What is expected:
If a line in the data holds the string "sides", list it.

•••••

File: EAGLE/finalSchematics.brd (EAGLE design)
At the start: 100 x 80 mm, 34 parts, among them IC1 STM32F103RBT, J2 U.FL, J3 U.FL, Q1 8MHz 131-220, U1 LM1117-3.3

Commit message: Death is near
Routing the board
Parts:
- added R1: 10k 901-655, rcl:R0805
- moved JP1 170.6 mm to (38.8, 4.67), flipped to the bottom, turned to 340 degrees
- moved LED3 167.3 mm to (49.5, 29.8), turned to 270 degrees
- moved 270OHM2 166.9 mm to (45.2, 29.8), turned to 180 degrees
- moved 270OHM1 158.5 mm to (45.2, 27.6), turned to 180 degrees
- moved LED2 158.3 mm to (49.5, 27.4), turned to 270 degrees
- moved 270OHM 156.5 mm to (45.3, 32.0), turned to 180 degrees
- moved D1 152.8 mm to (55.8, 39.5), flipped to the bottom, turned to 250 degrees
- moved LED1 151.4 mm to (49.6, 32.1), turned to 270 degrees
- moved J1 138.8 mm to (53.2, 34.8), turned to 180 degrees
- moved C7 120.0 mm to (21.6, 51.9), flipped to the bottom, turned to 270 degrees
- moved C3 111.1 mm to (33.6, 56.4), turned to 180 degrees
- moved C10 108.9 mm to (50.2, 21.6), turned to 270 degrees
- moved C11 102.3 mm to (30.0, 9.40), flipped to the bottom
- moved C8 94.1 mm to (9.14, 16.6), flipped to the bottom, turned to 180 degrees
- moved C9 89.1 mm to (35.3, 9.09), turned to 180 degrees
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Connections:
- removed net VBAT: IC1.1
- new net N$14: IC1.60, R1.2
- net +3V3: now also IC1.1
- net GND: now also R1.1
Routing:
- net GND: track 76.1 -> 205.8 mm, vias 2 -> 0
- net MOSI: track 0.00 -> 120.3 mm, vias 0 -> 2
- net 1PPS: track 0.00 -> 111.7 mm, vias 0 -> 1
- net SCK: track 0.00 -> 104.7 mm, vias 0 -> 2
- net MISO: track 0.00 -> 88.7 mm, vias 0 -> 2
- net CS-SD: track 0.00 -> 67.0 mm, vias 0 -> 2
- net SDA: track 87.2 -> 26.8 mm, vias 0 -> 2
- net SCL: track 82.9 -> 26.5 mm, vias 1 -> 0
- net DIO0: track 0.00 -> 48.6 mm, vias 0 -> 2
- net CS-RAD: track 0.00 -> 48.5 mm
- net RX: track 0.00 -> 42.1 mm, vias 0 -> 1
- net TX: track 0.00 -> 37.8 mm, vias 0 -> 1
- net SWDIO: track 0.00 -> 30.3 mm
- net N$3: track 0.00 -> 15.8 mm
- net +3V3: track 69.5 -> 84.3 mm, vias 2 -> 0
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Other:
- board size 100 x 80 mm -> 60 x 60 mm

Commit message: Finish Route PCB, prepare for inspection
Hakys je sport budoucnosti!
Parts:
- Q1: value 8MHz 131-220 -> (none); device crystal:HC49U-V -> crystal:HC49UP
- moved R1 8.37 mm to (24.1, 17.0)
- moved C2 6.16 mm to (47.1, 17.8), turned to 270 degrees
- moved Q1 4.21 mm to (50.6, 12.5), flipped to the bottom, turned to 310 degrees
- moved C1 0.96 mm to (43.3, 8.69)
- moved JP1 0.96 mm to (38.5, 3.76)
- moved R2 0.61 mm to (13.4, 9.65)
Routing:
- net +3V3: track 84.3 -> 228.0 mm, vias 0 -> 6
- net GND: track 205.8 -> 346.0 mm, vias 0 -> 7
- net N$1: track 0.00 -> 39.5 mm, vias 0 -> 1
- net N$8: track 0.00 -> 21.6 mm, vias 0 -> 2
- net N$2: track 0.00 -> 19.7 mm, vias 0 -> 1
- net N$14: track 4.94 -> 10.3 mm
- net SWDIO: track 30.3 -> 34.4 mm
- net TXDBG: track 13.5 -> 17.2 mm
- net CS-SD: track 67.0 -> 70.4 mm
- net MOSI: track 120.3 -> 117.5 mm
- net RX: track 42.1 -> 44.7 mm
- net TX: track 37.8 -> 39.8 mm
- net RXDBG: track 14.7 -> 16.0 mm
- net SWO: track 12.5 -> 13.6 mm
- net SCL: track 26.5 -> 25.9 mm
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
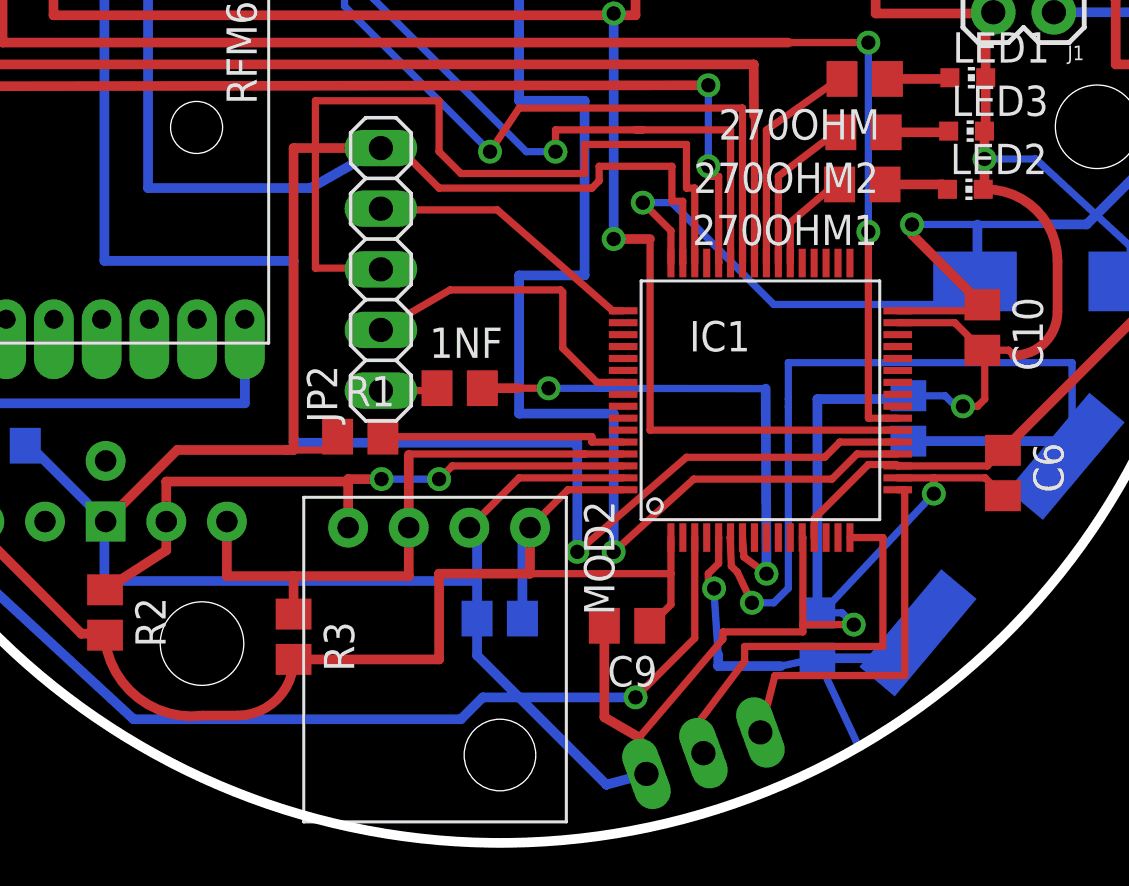
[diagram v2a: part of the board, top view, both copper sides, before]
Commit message: Fix route overlap
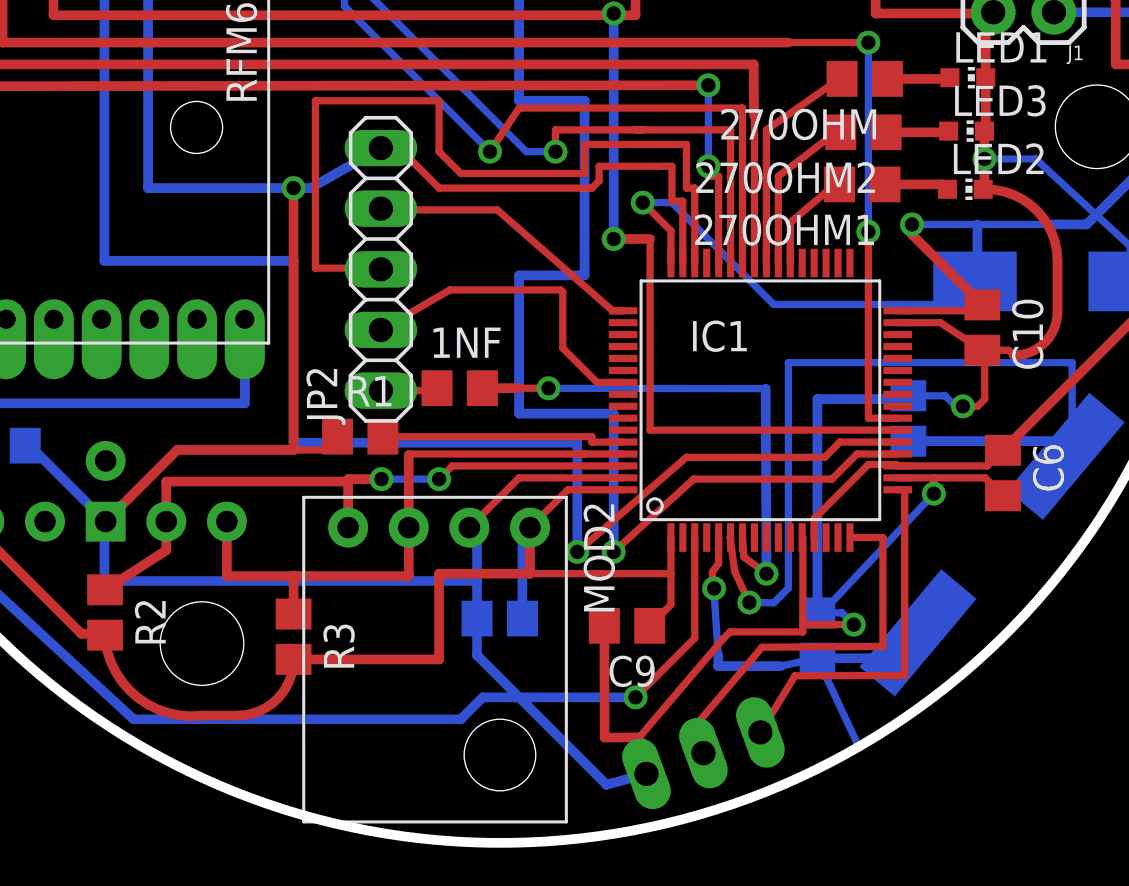
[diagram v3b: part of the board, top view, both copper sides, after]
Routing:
- net GND: track 346.0 -> 341.0 mm, vias 7 -> 8
- net RXDBG: track 16.0 -> 15.5 mm
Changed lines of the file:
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@@
 <wire x1="15.2936" y1="39.4372" x2="15.24" y2="39.4372" width="0.4064" layer="16"/>
 <wire x1="15.24" y1="39.4372" x2="15.24" y2="27.432" width="0.4064" layer="16"/>
-<wire x1="15.24" y1="27.432" x2="22.0472" y2="27.432" width="0.4064" layer="16"/>
+<wire x1="15.24" y1="27.432" x2="21.336" y2="27.432" width="0.4064" layer="16"/>
+<wire x1="21.336" y1="27.432" x2="22.0472" y2="27.432" width="0.4064" layer="16"/>
 <wire x1="22.0472" y1="27.432" x2="24.9936" y2="29.1084" width="0.4064" layer="16"/>
 <wire x1="41.805" y1="52.959" x2="41.7576" y2="52.959" width="0.4064" layer="16"/>
@@
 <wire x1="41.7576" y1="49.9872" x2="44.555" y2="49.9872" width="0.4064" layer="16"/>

•••••

Response area:
[diagram v2a: part of the board, top view, both copper sides, before]
[diagram v3b: part of the board, top view, both copper sides, after]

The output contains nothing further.